In 2014, Janice Bagarose of Locust Avenue in Troy found a wonderful collection of photographs from the World War I era in her new home. Thankfully for historians everywhere, she donated them to the RCHS. The photos were collected by Mary T. Ryan, who was the City Historian of Troy in 1922 and 1923. They were taken by Bert Boice, who was one of the most important local photographers for decades. The images show many events which took place in the city during the war- from the send-off parade for the local regiment in August 1917 to the memorial service for the fallen in September 1919, plus local activities of the Red Cross and other service organizations during the war. The collection not only shows us the activities in the city during the war, but also shows us the people and buildings of the city at the time, and gives us insight into clothing, transportation, streetscapes, shopping, etc.
The two photos in this post mark the local beginning and end of World War I. The first (2014.24.55c) is a photo of the send-off parade for the 105th Infantry Regiment on August 24, 1917. This was the 2nd NY Infantry Regiment, part of the New York National Guard, which was nationalized and activated soon after the U.S. declared war on Germany in April 1917, and renumbered the 105th as part of the 27th Division. The Division trained at Camp Wadsworth, near Spartansburg, South Carolina from September 1917 to May 1918, when it deployed to France. The city of Troy hastily organized a send-off at the end of August, 1917, with a parade, pictured above, and a bit of entertainment for the men, just before they left.
The photo was probably taken from the window of the photographer’s studio at the south end Franklin Square, looking north to the junction of 4th and River Streets. The building in the distance is now the home of King Blinds, the other buildings are gone, the streets slightly realigned due to the approach to the Green Island Bridge. Undoubtedly the men in uniform on the very tall extension ladder were fireman from the Trojan Hook and Ladder Company, which was located just out of camera range on the right.
The 27th Division participated in a couple of smaller battles in Belgium and France in early summer.
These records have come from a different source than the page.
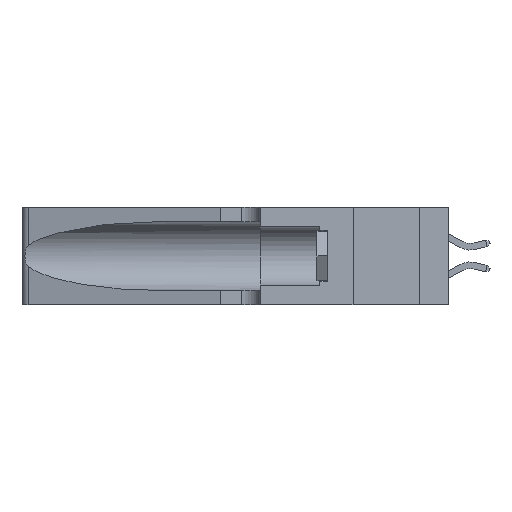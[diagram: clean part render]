
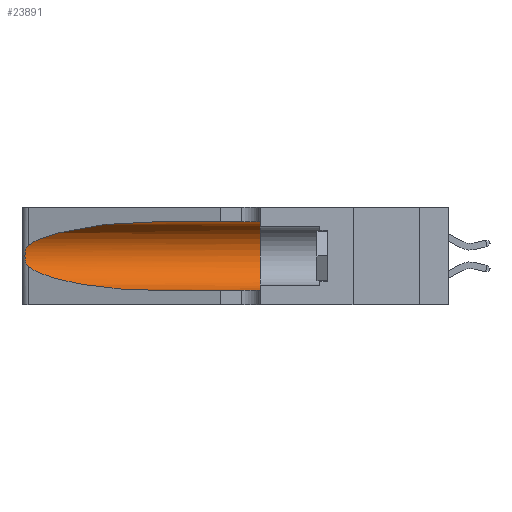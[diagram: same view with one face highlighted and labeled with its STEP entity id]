
A CAD part, left-side view. The second image highlights one B-rep face of the part: STEP entity #23891.
In plain terms, the highlighted cylindrical face has radius 3.308 mm (diameter 6.617 mm), a partial arc.
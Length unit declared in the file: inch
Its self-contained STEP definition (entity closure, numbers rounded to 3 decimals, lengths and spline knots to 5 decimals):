
#761 = CARTESIAN_POINT ( 'NONE',  ( 0.25787, 1.23484, 0.2124 ) ) ;
#1767 = CARTESIAN_POINT ( 'NONE',  ( 0.1305, 1.61858, 0.185 ) ) ;
#3407 = CARTESIAN_POINT ( 'NONE',  ( 0.1305, 0.72297, 0.31525 ) ) ;
#3910 = CARTESIAN_POINT ( 'NONE',  ( 0.26018, 1.23835, 0.19895 ) ) ;
#4897 = DIRECTION ( 'NONE',  ( 0., 0., -1. ) ) ;
#5921 = CARTESIAN_POINT ( 'NONE',  ( 0.1305, 1.61858, 0.31525 ) ) ;
#5979 = CARTESIAN_POINT ( 'NONE',  ( 0.25487, 1.22718, 0.22369 ) ) ;
#6265 = CARTESIAN_POINT ( 'NONE',  ( 0.1305, 0.35, 0.31525 ) ) ;
#6461 = EDGE_LOOP ( 'NONE', ( #32056, #34267, #28553, #6544, #28154, #11522 ) ) ;
#6544 = ORIENTED_EDGE ( 'NONE', *, *, #15848, .T. ) ;
#6564 = CARTESIAN_POINT ( 'NONE',  ( 0.1305, 0.35, 0.05475 ) ) ;
#6980 = CARTESIAN_POINT ( 'NONE',  ( 0.26075, 1.23896, 0.178 ) ) ;
#7139 = EDGE_CURVE ( 'NONE', #33287, #38608, #38921, .T. ) ;
#8838 = LINE ( 'NONE', #5921, #22999 ) ;
#8965 = CARTESIAN_POINT ( 'NONE',  ( 0.1305, 0.72297, 0.31525 ) ) ;
#9853 = CARTESIAN_POINT ( 'NONE',  ( 0.1305, 0.72297, 0.05475 ) ) ;
#10076 = CARTESIAN_POINT ( 'NONE',  ( 0.25856, 1.23593, 0.16098 ) ) ;
#10826 = DIRECTION ( 'NONE',  ( 0., -1., 0. ) ) ;
#11374 = CARTESIAN_POINT ( 'NONE',  ( 0.1305, 0.35, 0.185 ) ) ;
#11522 = ORIENTED_EDGE ( 'NONE', *, *, #13144, .F. ) ;
#12964 = CARTESIAN_POINT ( 'NONE',  ( 0.25487, 1.22718, 0.22369 ) ) ;
#13093 = CARTESIAN_POINT ( 'NONE',  ( 0.25639, 1.23186, 0.15144 ) ) ;
#13144 = EDGE_CURVE ( 'NONE', #35494, #13855, #8838, .T. ) ;
#13850 = CARTESIAN_POINT ( 'NONE',  ( 0.1305, 1.61858, 0.05475 ) ) ;
#13855 = VERTEX_POINT ( 'NONE', #6265 ) ;
#14396 = DIRECTION ( 'NONE',  ( 0., 0., 1. ) ) ;
#14922 = LINE ( 'NONE', #13850, #37226 ) ;
#15177 = DIRECTION ( 'NONE',  ( 0., -1., 0. ) ) ;
#15848 = EDGE_CURVE ( 'NONE', #38608, #27887, #14922, .T. ) ;
#15923 = FACE_OUTER_BOUND ( 'NONE', #6461, .T. ) ;
#15973 = CARTESIAN_POINT ( 'NONE',  ( 0.25555, 1.22994, 0.2215 ) ) ;
#16112 = CARTESIAN_POINT ( 'NONE',  ( 0.25487, 1.22718, 0.14631 ) ) ;
#18829 = CARTESIAN_POINT ( 'NONE',  ( 0.18966, 0.96281, 0.05475 ) ) ;
#19031 = CARTESIAN_POINT ( 'NONE',  ( 0.25639, 1.23184, 0.21858 ) ) ;
#21586 = CARTESIAN_POINT ( 'NONE',  ( 0.18966, 0.96281, 0.31525 ) ) ;
#21866 = CARTESIAN_POINT ( 'NONE',  ( 0.1305, 0.72297, 0.05475 ) ) ;
#21881 = CARTESIAN_POINT ( 'NONE',  ( 0.2373, 1.15595, 0.08982 ) ) ;
#22091 = CARTESIAN_POINT ( 'NONE',  ( 0.25854, 1.2359, 0.20912 ) ) ;
#22999 = VECTOR ( 'NONE', #15177, 39.37008 ) ;
#23012 = CYLINDRICAL_SURFACE ( 'NONE', #27734, 0.13025 ) ;
#23040 = DIRECTION ( 'NONE',  ( 0., -1., 0. ) ) ;
#23891 = ADVANCED_FACE ( 'NONE', ( #15923 ), #23012, .F. ) ;
#24197 = EDGE_CURVE ( 'NONE', #35494, #28972, #36151, .T. ) ;
#24607 = CARTESIAN_POINT ( 'NONE',  ( 0.25487, 1.22718, 0.22369 ) ) ;
#25110 = CARTESIAN_POINT ( 'NONE',  ( 0.26075, 1.23896, 0.19203 ) ) ;
#25285 = CIRCLE ( 'NONE', #29807, 0.13025 ) ;
#27734 = AXIS2_PLACEMENT_3D ( 'NONE', #1767, #23040, #4897 ) ;
#27887 = VERTEX_POINT ( 'NONE', #6564 ) ;
#27955 = CARTESIAN_POINT ( 'NONE',  ( 0.25487, 1.22718, 0.14631 ) ) ;
#28154 = ORIENTED_EDGE ( 'NONE', *, *, #38948, .F. ) ;
#28166 = CARTESIAN_POINT ( 'NONE',  ( 0.26017, 1.23833, 0.17102 ) ) ;
#28553 = ORIENTED_EDGE ( 'NONE', *, *, #7139, .T. ) ;
#28972 = VERTEX_POINT ( 'NONE', #5979 ) ;
#29268 = B_SPLINE_CURVE_WITH_KNOTS ( 'NONE', 3,
 ( #12964, #15973, #19031, #761, #22091, #3910, #25110, #6980, #28166, #10076, #31227, #13093, #34273, #16112 ),
 .UNSPECIFIED., .F., .F.,
 ( 4, 2, 2, 2, 2, 2, 4 ),
 ( 0., 0.00027, 0.00053, 0.00107, 0.0016, 0.00187, 0.00214 ),
 .UNSPECIFIED. ) ;
#29807 = AXIS2_PLACEMENT_3D ( 'NONE', #11374, #32541, #14396 ) ;
#31227 = CARTESIAN_POINT ( 'NONE',  ( 0.25789, 1.23486, 0.15765 ) ) ;
#32056 = ORIENTED_EDGE ( 'NONE', *, *, #24197, .T. ) ;
#32247 = CARTESIAN_POINT ( 'NONE',  ( 0.25487, 1.22718, 0.14631 ) ) ;
#32541 = DIRECTION ( 'NONE',  ( 0., 1., 0. ) ) ;
#33287 = VERTEX_POINT ( 'NONE', #32247 ) ;
#34267 = ORIENTED_EDGE ( 'NONE', *, *, #35579, .T. ) ;
#34273 = CARTESIAN_POINT ( 'NONE',  ( 0.25555, 1.22993, 0.14849 ) ) ;
#35494 = VERTEX_POINT ( 'NONE', #8965 ) ;
#35579 = EDGE_CURVE ( 'NONE', #28972, #33287, #29268, .T. ) ;
#36151 =( BOUNDED_CURVE ( )  B_SPLINE_CURVE ( 3, ( #3407, #21586, #36692, #24607 ),
 .UNSPECIFIED., .F., .F. ) 
 B_SPLINE_CURVE_WITH_KNOTS ( ( 4, 4 ),
 ( 1.5708, 2.84003 ),
 .UNSPECIFIED. ) 
 CURVE ( )  GEOMETRIC_REPRESENTATION_ITEM ( )  RATIONAL_B_SPLINE_CURVE ( ( 1., 0.87, 0.87, 1. ) ) 
 REPRESENTATION_ITEM ( '' )  );
#36692 = CARTESIAN_POINT ( 'NONE',  ( 0.2373, 1.15595, 0.28018 ) ) ;
#37226 = VECTOR ( 'NONE', #10826, 39.37008 ) ;
#38608 = VERTEX_POINT ( 'NONE', #21866 ) ;
#38921 =( BOUNDED_CURVE ( )  B_SPLINE_CURVE ( 3, ( #27955, #21881, #18829, #9853 ),
 .UNSPECIFIED., .F., .F. ) 
 B_SPLINE_CURVE_WITH_KNOTS ( ( 4, 4 ),
 ( 3.44316, 4.71239 ),
 .UNSPECIFIED. ) 
 CURVE ( )  GEOMETRIC_REPRESENTATION_ITEM ( )  RATIONAL_B_SPLINE_CURVE ( ( 1., 0.87, 0.87, 1. ) ) 
 REPRESENTATION_ITEM ( '' )  );
#38948 = EDGE_CURVE ( 'NONE', #13855, #27887, #25285, .T. ) ;

On September 29 and 30, 1918, as part of the 4th Army, it was heavily involved in the action which pierced the Hindenburg Line, as the major German defenses were called, between Cambrai and St. Quentin, France. A great mural in the NYS Military Museum in Saratoga depicts this battle. The Division fought in an even larger engagement from October 11-20 at the LaSelle River. At that point, having incurred about 2,300 casualties, the Division was withdrawn from action. Less than a month later, the Armistice was signed on November 11, bringing most fighting in the War to End All Wars to an end.
As it took many months to deploy the soldiers of the American Expeditionary Force to France, it took just as long to send them home. The 105th arrived in New York in March 1919, and was greeted by another parade in Troy in April. Men from Troy served in many regiments, and in the Navy as well as the Army. The second photo (2014.24.4) above, depicts a memorial mass for those killed in the war, held in Washington Park on September 29, 1919, by which point all soldiers were home. About 225 Trojan soldiers died during the war.
The photo looks to the south and west, with Washington Place and Second Street in the background. Presumably, the crowd was too large to fit into St. Mary’s Catholic Church. This beautiful picture shows a well-dressed crowd at prayer, with many priests in attendance. Washington Park was and is a private park, accessible only to those who live around it. St. Mary’s location on Third Street on the southeast corner of the park would qualify its use for the mass.
The rest of the collection features photos of the same high quality. It is a great addition to the archive. These and other resources related to Rensselaer County’s World War I history are available for research during regular library hours on Friday and Saturday from noon to five, Thursday from noon to eight (except on holidays and in January), or by appointment.